Exercise directions »
Extract each line from the entries below that has the string "dimfxl" in it.

Material provided »
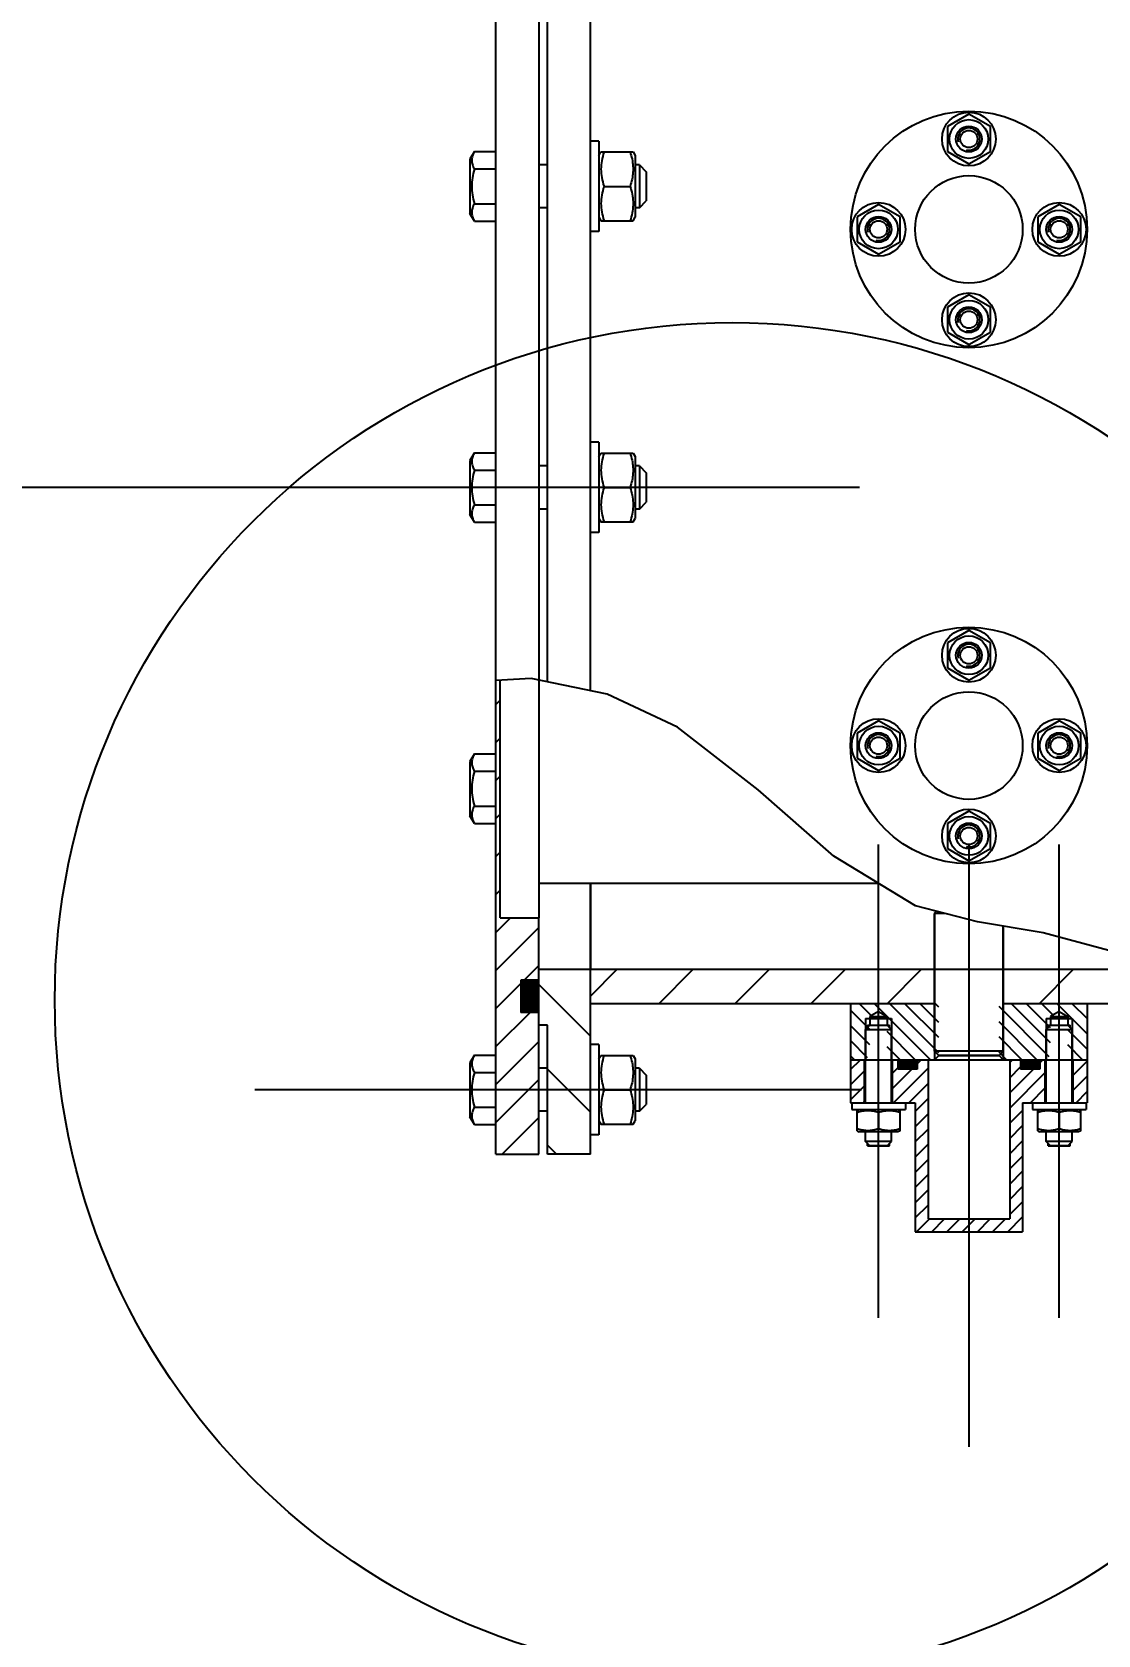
# Model space of a CAD drawing. Header units: millimetres. Extents: x 0 to 1189, y 0 to 841.
# Drawn here: x 107.69 to 117.6, y 688.52 to 703.42 of the extents above; entities that cross this region are included whole.
import ezdxf

# ---------------------------------------------------------------- set-up
doc = ezdxf.new("R2010")
doc.units = ezdxf.units.MM
doc.header["$LTSCALE"] = 65.395
doc.linetypes.add('CENTER', pattern=[0.6, 0.375, -0.075, 0.075, -0.075])
doc.layers.get('0').update_dxf_attribs({"linetype": 'CONTINUOUS'})
for name, color, linetype in [('ALL_AXIS', 7, 'CONTINUOUS'), ('ALL_CHAMFER', 7, 'CONTINUOUS'), ('ALL_DIMENSIONS', 7, 'CONTINUOUS'), ('ALL_ROUND', 7, 'CONTINUOUS')]:
    doc.layers.add(name, color=color, linetype=linetype)
doc.styles.get("Standard").update_dxf_attribs({"font": 'txt', "width": 0.7})
doc.dimstyles.new('DIMSTYLE_1', dxfattribs={"dimtxt": 3.5, "dimasz": 3, "dimexe": 0.18, "dimexo": 0.0625, "dimgap": 0.09, "dimtad": 1, "dimlfac": 25, "dimdsep": 46, "dimtxsty": 'STANDARD', "dimblk": '_FILLED', "dimblk1": '_FILLED', "dimblk2": '_FILLED', "dimcen": 0.09, "dimadec": 0, "dimazin": 0, "dimtp": 1.2, "dimtm": 1.2, "dimtfac": 1, "dimtofl": 0, "dimtmove": 0, "dimatfit": 3, "dimldrblk": '_FILLED', "dimfxl": 1, "dimtolj": 1, "dimarcsym": 0})
doc.dimstyles.new('DIMSTYLE_3', dxfattribs={"dimtxt": 3.5, "dimasz": 3, "dimexe": 0.18, "dimexo": 0.0625, "dimgap": 0.09, "dimtad": 1, "dimlfac": 25, "dimdsep": 46, "dimtxsty": 'STANDARD', "dimblk": '_FILLED', "dimblk1": '_FILLED', "dimblk2": '_FILLED', "dimcen": 0.09, "dimadec": 0, "dimazin": 0, "dimtp": 0.8, "dimtm": 0.8, "dimtfac": 1, "dimtofl": 0, "dimtmove": 0, "dimatfit": 3, "dimldrblk": '_FILLED', "dimfxl": 1, "dimtolj": 1, "dimarcsym": 0})

# ---------------------------------------------------------------- blocks, each defined once
blk = doc.blocks.new('_FILLED')
at = {"color": 0, "linetype": 'BYBLOCK'}
blk.add_solid([(0, 0), (-1, 0.1667), (-1, -0.1667)], dxfattribs=at)
blk = doc.blocks.new('*D0')
at = {"layer": 'ALL_DIMENSIONS', "color": 2, "linetype": 'CONTINUOUS'}
for p, q in [((101.762, 699.187), (101.762, 703.187)), ((101.762, 703.187), (101.762, 675.187)), ((109.762, 699.187), (99.762, 699.187)), ((101.762, 647.187), (101.762, 675.187)), ((126.402, 651.187), (99.762, 651.187)), ((101.762, 651.187), (101.762, 647.187))]:
    blk.add_line(p, q, dxfattribs=at)
at = {"layer": 'ALL_DIMENSIONS', "color": 2, "linetype": 'CONTINUOUS', "xscale": 3, "yscale": 3, "zscale": 3}
for p, rotation in [((101.762, 699.187), 270), ((101.762, 651.187), 90)]:
    blk.add_blockref('_FILLED', p, dxfattribs=dict(at, rotation=rotation))
blk = doc.blocks.new('*D2')
at = {"layer": 'ALL_DIMENSIONS', "color": 2, "linetype": 'CONTINUOUS'}
for p, q in [((111.762, 705.039), (111.762, 720.427)), ((132.402, 666.841), (132.402, 720.427)), ((111.762, 718.427), (107.762, 718.427)), ((107.762, 718.427), (122.082, 718.427)), ((144.119, 718.427), (122.082, 718.427)), ((132.402, 718.427), (144.119, 718.427))]:
    blk.add_line(p, q, dxfattribs=at)
at = {"layer": 'ALL_DIMENSIONS', "color": 2, "linetype": 'CONTINUOUS', "xscale": 3, "yscale": 3, "zscale": 3}
blk.add_blockref('_FILLED', (111.762, 718.427), dxfattribs=at)
at = {"layer": 'ALL_DIMENSIONS', "color": 2, "linetype": 'CONTINUOUS', "xscale": 3, "yscale": 3, "zscale": 3, "rotation": 180}
blk.add_blockref('_FILLED', (132.402, 718.427), dxfattribs=at)

msp = doc.modelspace()

# ---------------------------------------------------------------- linework, layer by layer
at = {"color": 7, "linetype": 'CONTINUOUS'}
for p, q in [((112.00175857, 692.98712965), (112.00175857, 705.38712965)), ((112.40175857, 705.38712965), (112.40175857, 695.50712965)), ((112.48175857, 697.38049402), (112.48175857, 705.38712965)), ((112.88175857, 697.29734686), (112.88175857, 705.38712965)), ((116.40175857, 702.65806976), (116.20175857, 702.54259971)), ((116.60175857, 702.54259971), (116.40175857, 702.65806976)), ((116.20175857, 702.54259971), (116.20175857, 702.3116596)), ((116.60175857, 702.3116596), (116.60175857, 702.54259971)), ((111.80293297, 702.3104458), (111.76175857, 702.23912965)), ((111.80293297, 702.3104458), (112.00175857, 702.3104458)), ((112.96175857, 702.27512965), (112.98023378, 702.30712965)), ((112.98023378, 702.30712965), (113.27928337, 702.30712965)), ((113.27928171, 702.30713253), (113.29775857, 702.27512965)), ((113.29775857, 702.27512744), (113.29775857, 701.69913187)), ((116.20175857, 702.3116596), (116.40175857, 702.19618955)), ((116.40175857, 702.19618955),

Exercise solution »
doc.dimstyles.new('DIMSTYLE_1', dxfattribs={"dimtxt": 3.5, "dimasz": 3, "dimexe": 0.18, "dimexo": 0.0625, "dimgap": 0.09, "dimtad": 1, "dimlfac": 25, "dimdsep": 46, "dimtxsty": 'STANDARD', "dimblk": '_FILLED', "dimblk1": '_FILLED', "dimblk2": '_FILLED', "dimcen": 0.09, "dimadec": 0, "dimazin": 0, "dimtp": 1.2, "dimtm": 1.2, "dimtfac": 1, "dimtofl": 0, "dimtmove": 0, "dimatfit": 3, "dimldrblk": '_FILLED', "dimfxl": 1, "dimtolj": 1, "dimarcsym": 0})
doc.dimstyles.new('DIMSTYLE_3', dxfattribs={"dimtxt": 3.5, "dimasz": 3, "dimexe": 0.18, "dimexo": 0.0625, "dimgap": 0.09, "dimtad": 1, "dimlfac": 25, "dimdsep": 46, "dimtxsty": 'STANDARD', "dimblk": '_FILLED', "dimblk1": '_FILLED', "dimblk2": '_FILLED', "dimcen": 0.09, "dimadec": 0, "dimazin": 0, "dimtp": 0.8, "dimtm": 0.8, "dimtfac": 1, "dimtofl": 0, "dimtmove": 0, "dimatfit": 3, "dimldrblk": '_FILLED', "dimfxl": 1, "dimtolj": 1, "dimarcsym": 0})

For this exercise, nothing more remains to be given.